Il grido di un neonato, sopravvissuto ad un aborto salino, desta la coscienza della madre.

Il bimbo sarà destinato a vivere per pochi minuti. Il tempo sufficiente per salvare un’altra vita: quella della donna che lo portava in grembo.

E’ l’incredibile vicenda riportata nell’articolo di Stephanie Gray Connors pubblicato il 16 ottobre su LifeSiteNews, che riportiamo di seguito nella traduzione di Wanda Massa.

 

Neonato

 

“Uccidete il mio bambino”, disse alle infermiere… finché non sentì il suo bambino piangere

 

16 ottobre 2020 (L’amore scatena la vita) – Quando qualcuno piange, come rispondono le persone compassionevoli? Le grida di un altro tipicamente suscitano una reazione da parte dell’ascoltatore per confortare e consolare coloro le cui lacrime esprimono ciò che le parole non possono esprimere.

Una volta ho incontrato un’infermiera specializzata in travaglio e parto che mi ha raccontato una storia particolarmente traumatica sull’aborto.* Una paziente si è presentata all’ospedale in cui l’infermiera lavorava. La paziente era in travaglio a 25 settimane di gravidanza (la gestazione di solito dura 40 settimane). All’inizio di quel giorno, si era recata in una clinica per l’aborto tardivo, dove aveva eseguito la fase 1 di una procedura in più fasi per indurre la morte del suo bambino nel proprio grembo. Il cloruro di potassio (KCL) era stato inserito nel cuore del bambino per provocargli un attacco di cuore. Poi, nei giorni successivi, i medici sarebbero entrati e avrebbero estratto le parti del corpo del bambino pezzo per pezzo.

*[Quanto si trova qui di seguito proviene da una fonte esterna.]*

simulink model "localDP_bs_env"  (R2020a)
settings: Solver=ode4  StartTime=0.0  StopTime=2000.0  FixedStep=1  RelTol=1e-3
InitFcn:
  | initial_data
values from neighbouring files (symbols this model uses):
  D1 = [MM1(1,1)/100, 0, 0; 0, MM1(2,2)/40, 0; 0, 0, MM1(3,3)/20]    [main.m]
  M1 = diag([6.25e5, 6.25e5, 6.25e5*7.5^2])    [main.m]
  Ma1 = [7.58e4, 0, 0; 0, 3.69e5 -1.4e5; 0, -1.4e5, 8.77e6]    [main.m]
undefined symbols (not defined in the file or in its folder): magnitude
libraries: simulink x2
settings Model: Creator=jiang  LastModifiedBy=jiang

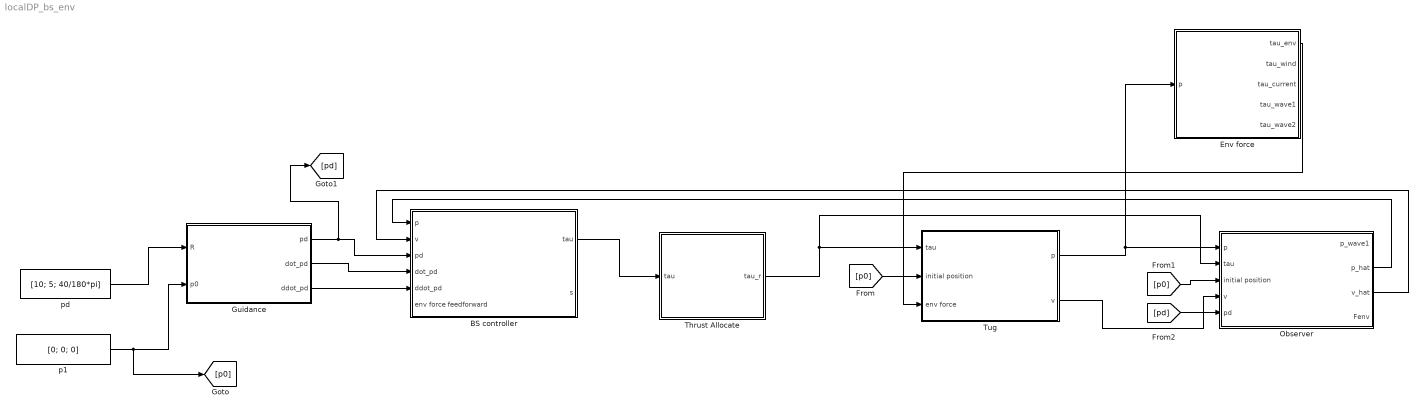
== system localDP_bs_env ==
  BS controller : Subsystem  mask{Kd=[2.5, 2.5, 2], Ki=[0.1, 0.1, 0.1], Gama=[0.7, 0.7, 0.7]}
      mask Display: disp("BS controller")
  Env force : Subsystem  mask{wind_speed=3, wind_angle=0, wind_ratio=0, current_speed=0.3, current_angle=0, current_ratio=0, wave_Hs=4.8, wave_Tp=13.4, wave_angle=0, wave1_ratio=1, wave2_ratio=1}
      mask prompts: wind_speed "wind speed"; wind_angle "wind angle"; wind_ratio "wind ratio"; current_speed "current speed"; current_angle "current angle"; current_ratio "current ratio"; wave_Hs "wave Hs"; wave_Tp "wave Tp"; wave_angle "wave angle"; wave1_ratio "wave1 ratio"; wave2_ratio "wave2 ratio"
      mask DialogControl ParameterGroupVar Prompt: wind parameters
      mask DialogControl Container5 Prompt: current parameters
      mask DialogControl wave Prompt: wave parameters
  Guidance : Subsystem  mask{T=[100, 100, 100]}
      mask prompts: T "时间常数"
  Observer : Subsystem  mask(wave spectrum damping ratio){lambda=[0.1 0.1 0.1], w_o=[0.469 0.469 0.469], K3=diag([1.4e4, 1.6e4, 2.5e6])*0.1, K4=diag([1.4e4, 1.6e4, 2.5e6]), w_c=0.6, T=diag([10 10 10])*100, Tp=13.4, wc_ratio=1.2}
      mask prompts: lambda "Relative damping ratio of wave spectrum: lambda"; w_o "Peak frequency of response spectrum: w_o (rad/s)"; K3 "Bias observer gain: K3"; K4 "Bias observer gain: K4"; w_c "Filter cut-off frequency: w_c (rad/s)"; T "Bias time constant: T (s)"; Tp "波浪谱峰周期"; wc_ratio "截至频率倍数（1.1~1.2）"
      mask init:
      | wo = [1, 1, 1] * 2 * pi / Tp;
      | wc = wo(1) * wc_ratio;
      | Zeta = 1;
      | Aw = blkdiag([0 1;-wo(1)^2 -2*lambda(1)*wo(1)],...
      |              [0 1;-wo(2)^2 -2*lambda(2)*wo(2)],...
      |              [0 1;-wo(3)^2 -2*lambda(3)*wo(3)]);
      | K1 = zeros(6,3);
      | for i =1:3
      |     K1(2*i-1,i) = -2*(Zeta - lambda(i))*wc/wo(i);
      |     K1(2*i,i) = 2*wo(i)*(Zeta - lambda(i));
      | end
      | K2 = diag([wc,wc,wc]);
      | Cw = zeros(3,6);
      | Cw(1,2) = 1;Cw(2,4) = 1;Cw(3,6) = 1;
      mask Display: disp('nonlinear passive observer')
  Thrust Allocate : Subsystem  mask{f0=[100;100;100], a0=[-50;60;-100]}
  Tug : Subsystem  mask{wv=on}
      mask prompts: wv "Display animation of the vessel's motion"
  p1 : Constant  Value=[0; 0; 0]
  pd : Constant  Value=[10; 5; 40/180*pi]
  wires:
  Thrust Allocate/1(tau_r) -> Observer/2(tau), Tug/1(tau)
  BS controller/1(tau) -> Thrust Allocate/1(tau)
  Env force/1(tau_env) -> Tug/3(env force)
  Tug/2(v) -> Observer/4(v)
  Tug/1(p) -> Env force/1(p), Observer/1(p)
  Observer/2(p_hat) -> BS controller/1(p)
  Observer/3(v_hat) -> BS controller/2(v)
  p1/1 -> [p0], Guidance/2(p0)
  pd/1 -> Guidance/1(R)
  Guidance/2(dot_pd) -> BS controller/4(dot_pd)
  Guidance/1(pd) -> [pd], BS controller/3(pd)
  Guidance/3(ddot_pd) -> BS controller/5(ddot_pd)
  [p0] -> Tug/2(initial position)
  [p0] -> Observer/3(initial position)
  [pd] -> Observer/5(pd)

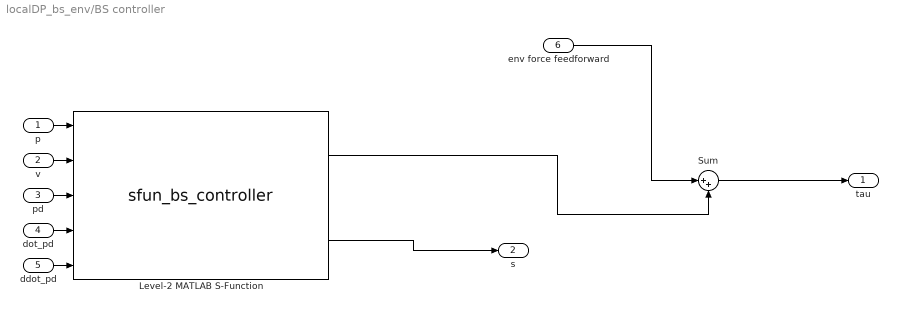
== system localDP_bs_env/BS controller ==
  p : Inport
  v : Inport  Port=2
  pd : Inport  Port=3
  dot_pd : Inport  Port=4
  ddot_pd : Inport  Port=5
  env force feedforward : Inport  Port=6
  Level-2 MATLAB S-Function : M-S-Function  FunctionName=sfun_bs_controller  Parameters=Kd, Ki, Gama
  Sum : Sum  Inputs=|++
  tau : Outport
  s : Outport  Port=2
  wires:
  Level-2 MATLAB S-Function/2 -> s/1
  v/1 -> Level-2 MATLAB S-Function/2
  p/1 -> Level-2 MATLAB S-Function/1
  pd/1 -> Level-2 MATLAB S-Function/3
  ddot_pd/1 -> Level-2 MATLAB S-Function/5
  dot_pd/1 -> Level-2 MATLAB S-Function/4
  Sum/1 -> tau/1
  Level-2 MATLAB S-Function/1 -> Sum/2
  env force feedforward/1 -> Sum/1

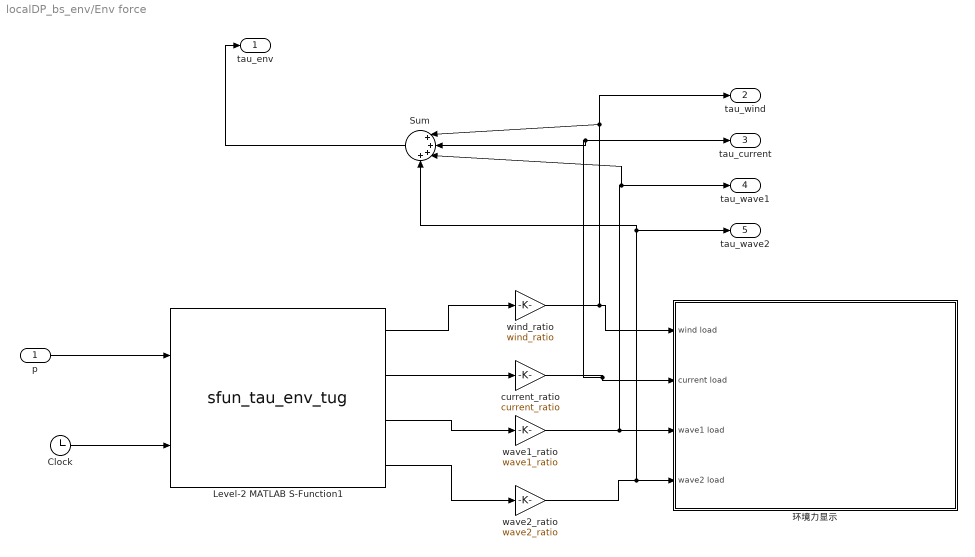
== system localDP_bs_env/Env force ==
  p : Inport
  Clock : Clock
  Level-2 MATLAB S-Function1 : M-S-Function  FunctionName=sfun_tau_env_tug  Parameters=wind_speed, wind_angle, current_speed, current_angle, wave_Hs, wave_Tp, wave_angle
  Sum : Sum  Inputs=|++++
  current_ratio : Gain  Gain=current_ratio
  wave1_ratio : Gain  Gain=wave1_ratio
  wave2_ratio : Gain  Gain=wave2_ratio
  wind_ratio : Gain  Gain=wind_ratio
  环境力显示 : Subsystem
  tau_env : Outport
  tau_wind : Outport  Port=2
  tau_current : Outport  Port=3
  tau_wave1 : Outport  Port=4
  tau_wave2 : Outport  Port=5
  wires:
  p/1 -> Level-2 MATLAB S-Function1/1
  Level-2 MATLAB S-Function1/1 -> wind_ratio/1
  Level-2 MATLAB S-Function1/2 -> current_ratio/1
  Level-2 MATLAB S-Function1/3 -> wave1_ratio/1
  Level-2 MATLAB S-Function1/4 -> wave2_ratio/1
  Clock/1 -> Level-2 MATLAB S-Function1/2
  wind_ratio/1 -> 环境力显示/1(wind load), tau_wind/1, Sum/1
  current_ratio/1 -> Sum/2, tau_current/1, 环境力显示/2(current load)
  wave1_ratio/1 -> Sum/3, tau_wave1/1, 环境力显示/3(wave1 load)
  wave2_ratio/1 -> Sum/4, tau_wave2/1, 环境力显示/4(wave2 load)
  Sum/1 -> tau_env/1

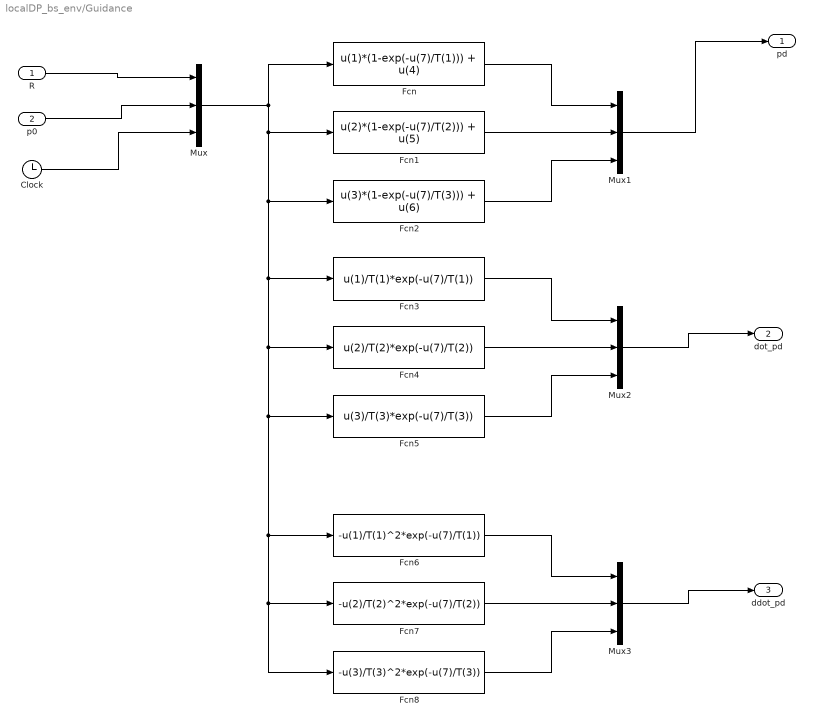
== system localDP_bs_env/Guidance ==
  R : Inport
  p0 : Inport  Port=2
  Clock : Clock
  Fcn : Fcn  Expr=u(1)*(1-exp(-u(7)/T(1))) + u(4)
  Fcn1 : Fcn  Expr=u(2)*(1-exp(-u(7)/T(2))) + u(5)
  Fcn2 : Fcn  Expr=u(3)*(1-exp(-u(7)/T(3))) + u(6)
  Fcn3 : Fcn  Expr=u(1)/T(1)*exp(-u(7)/T(1))
  Fcn4 : Fcn  Expr=u(2)/T(2)*exp(-u(7)/T(2))
  Fcn5 : Fcn  Expr=u(3)/T(3)*exp(-u(7)/T(3))
  Fcn6 : Fcn  Expr=-u(1)/T(1)^2*exp(-u(7)/T(1))
  Fcn7 : Fcn  Expr=-u(2)/T(2)^2*exp(-u(7)/T(2))
  Fcn8 : Fcn  Expr=-u(3)/T(3)^2*exp(-u(7)/T(3))
  Mux{,1..3} (4 alike) : Mux  Inputs=3
  pd : Outport
  dot_pd : Outport  Port=2
  ddot_pd : Outport  Port=3
  wires:
  Clock/1 -> Mux/3
  p0/1 -> Mux/2
  R/1 -> Mux/1
  Fcn/1 -> Mux1/1
  Fcn1/1 -> Mux1/2
  Fcn2/1 -> Mux1/3
  Mux1/1 -> pd/1
  Fcn5/1 -> Mux2/3
  Fcn4/1 -> Mux2/2
  Fcn3/1 -> Mux2/1
  Mux2/1 -> dot_pd/1
  Fcn7/1 -> Mux3/2
  Fcn6/1 -> Mux3/1
  Mux3/1 -> ddot_pd/1
  Mux/1 -> Fcn8/1, Fcn7/1, Fcn6/1, Fcn5/1, Fcn4/1, Fcn3/1, Fcn2/1, Fcn1/1, Fcn/1
  Fcn8/1 -> Mux3/3

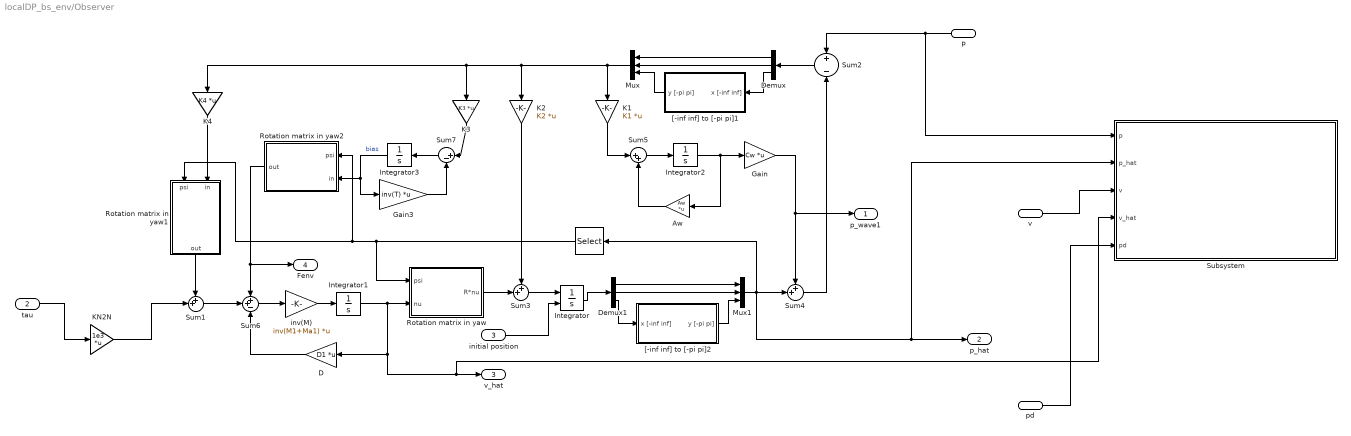
== system localDP_bs_env/Observer ==
  p : Inport
  tau : Inport  Port=2
  initial position : Inport  Port=3
  v : Inport  Port=4
  pd : Inport  Port=5
  " " : Selector  InputPortWidth=3  IndexOptions=Index vector (dialog)  Indices=[3]  OutputSizes=1
  Aw : Gain  Gain=Aw  Multiplication=Matrix(K*u)  SaturateOnIntegerOverflow=on  OutDataTypeStr=Inherit: Same as input  ParamDataTypeStr=Inherit: Same as input
  D : Gain  Gain=D1  Multiplication=Matrix(K*u)  SaturateOnIntegerOverflow=on  OutDataTypeStr=Inherit: Same as input  ParamDataTypeStr=Inherit: Same as input
  Demux : Demux  Outputs=3
  Demux1 : Demux  Outputs=3
  Gain : Gain  Gain=Cw  Multiplication=Matrix(K*u)
  Gain3 : Gain  Gain=inv(T)  Multiplication=Matrix(K*u)  SaturateOnIntegerOverflow=on  OutDataTypeStr=Inherit: Same as input  ParamDataTypeStr=Inherit: Same as input
  Integrator : Integrator  InitialConditionSource=external
  Integrator1 : Integrator
  Integrator2 : Integrator
  Integrator3 : Integrator
  K1 : Gain  Gain=K1  Multiplication=Matrix(K*u)  SaturateOnIntegerOverflow=on  OutDataTypeStr=Inherit: Same as input  ParamDataTypeStr=Inherit: Same as input
  K2 : Gain  Gain=K2  Multiplication=Matrix(K*u)  SaturateOnIntegerOverflow=on  OutDataTypeStr=Inherit: Same as input  ParamDataTypeStr=Inherit: Same as input
  K3 : Gain  Gain=K3  Multiplication=Matrix(K*u)  SaturateOnIntegerOverflow=on  OutDataTypeStr=Inherit: Same as input  ParamDataTypeStr=Inherit: Same as input
  K4 : Gain  Gain=K4  Multiplication=Matrix(K*u)  SaturateOnIntegerOverflow=on  OutDataTypeStr=Inherit: Same as input  ParamDataTypeStr=Inherit: Same as input
  KN2N : Gain  Gain=1e3  Multiplication=Matrix(K*u)  SaturateOnIntegerOverflow=on  OutDataTypeStr=Inherit: Same as input  ParamDataTypeStr=Inherit: Same as input
  Mux : Mux  Inputs=3
  Mux1 : Mux  Inputs=3
  Rotation matrix in yaw : Subsystem
  Rotation matrix in yaw1 : Subsystem
  Rotation matrix in yaw2 : Subsystem
  Subsystem : Subsystem
  Sum1 : Sum  Inputs=++|  InputSameDT=on  SaturateOnIntegerOverflow=on  OutDataTypeStr=Inherit: Same as first input
  Sum2 : Sum  Inputs=+|-  InputSameDT=on  SaturateOnIntegerOverflow=on  OutDataTypeStr=Inherit: Same as first input
  Sum3 : Sum  Inputs=++|  InputSameDT=on  SaturateOnIntegerOverflow=on  OutDataTypeStr=Inherit: Same as first input
  Sum4 : Sum  Inputs=++|  InputSameDT=on  SaturateOnIntegerOverflow=on  OutDataTypeStr=Inherit: Same as first input
  Sum5 : Sum  Inputs=|++  InputSameDT=on  SaturateOnIntegerOverflow=on  OutDataTypeStr=Inherit: Same as first input
  Sum6 : Sum  Inputs=++-  InputSameDT=on  SaturateOnIntegerOverflow=on  OutDataTypeStr=Inherit: Same as first input
  Sum7 : Sum  Inputs=|+-  InputSameDT=on  SaturateOnIntegerOverflow=on  OutDataTypeStr=Inherit: Same as first input
  "[-inf inf] to [-pi pi]1" : Subsystem  mask([-inf inf] to [-pi pi]){}
      mask help: Converts an angle in rad to (-pi pi)
  "[-inf inf] to [-pi pi]2" : Subsystem
  inv(M) : Gain  Gain=inv(M1+Ma1)  Multiplication=Matrix(K*u)  SaturateOnIntegerOverflow=on  OutDataTypeStr=Inherit: Same as input  ParamDataTypeStr=Inherit: Same as input
  p_wave1 : Outport
  p_hat : Outport  Port=2
  v_hat : Outport  Port=3
  Fenv : Outport  Port=4
  wires:
  tau/1 -> KN2N/1
  p/1 -> Subsystem/1(p), Sum2/1
  Gain3/1 -> Sum7/2
  Sum7/1 -> Integrator3/1
  Integrator3/1 -> Gain3/1, Rotation matrix in yaw2/2(in)  "bias"
  Sum4/1 -> Sum2/2
  Integrator/1 -> Demux1/1
  Sum3/1 -> Integrator/1
  Sum2/1 -> Demux/1
  Demux/3 -> "[-inf inf] to [-pi pi]1"/1(x [-inf inf])
  "[-inf inf] to [-pi pi]1"/1(y [-pi pi]) -> Mux/3
  Demux/1 -> Mux/1
  Demux/2 -> Mux/2
  Mux/1 -> K1/1, K2/1, K4/1, K3/1
  Demux1/1 -> Mux1/1
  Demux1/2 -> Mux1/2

Poiché il travaglio era iniziato inaspettatamente, la donna andò in un ospedale, ma era un ospedale che non pratica aborti. Quando la donna disse al personale medico quello che aveva passato prima, disse loro: “Sono venuta per un aborto. Voglio abortire. Non voglio questo bambino. Voglio abortire adesso“.

I medici e le infermiere si sono riuniti. Ascoltarono un battito cardiaco e, inaspettatamente, la KCL non aveva fermato il cuore del bambino. Discussero sulla situazione e decisero che avevano la responsabilità di rianimare il bambino se ne fosse uscito vivo.

La donna disse: “Non lo voglio. Voglio un aborto. Uccidete il mio bambino!“.

L’équipe medica ha detto di no; se il bambino usciva con un battito cardiaco, avrebbero tentato la rianimazione. La donna continuò il travaglio. E quando il bambino è nato, il neonato ha pianto. Sentendo le grida del bambino, la madre gridò: “Salvate il mio bambino!

Sentire il bambino scalciare non aveva ammorbidito il suo cuore duro. Sentire il battito del cuore non aveva ammorbidito il suo cuore duro. Ma l’udire le grida della sua stessa carne e del suo sangue aveva tirato fuori dal suo interno la risposta istintiva e materna per alleviare la sofferenza dei più vulnerabili in mezzo a lei.

Purtroppo la scelta che la donna aveva fatto prima aveva avuto una conseguenza permanente: La rianimazione non ha funzionato e il bambino è morto.

Qui c’è una lezione importante, e questa è la forza di un grido. Per i bambini prenati, invece, le loro grida sono silenziose. Non possiamo sentire, a livello uditivo, la loro richiesta di aiuto. Ma noi che sappiamo che esistono, noi che sappiamo che la loro stessa vita è in pericolo a causa dell’aborto legalizzato, abbiamo la responsabilità di alzare la voce al loro posto, di fare un appello alle coscienze degli altri affinché li aiutino – non facciano loro del male.

 

* Questa storia è stata raccontata da Stephanie alla Marcia per la Vita a Victoria, a.C., nel maggio 2019.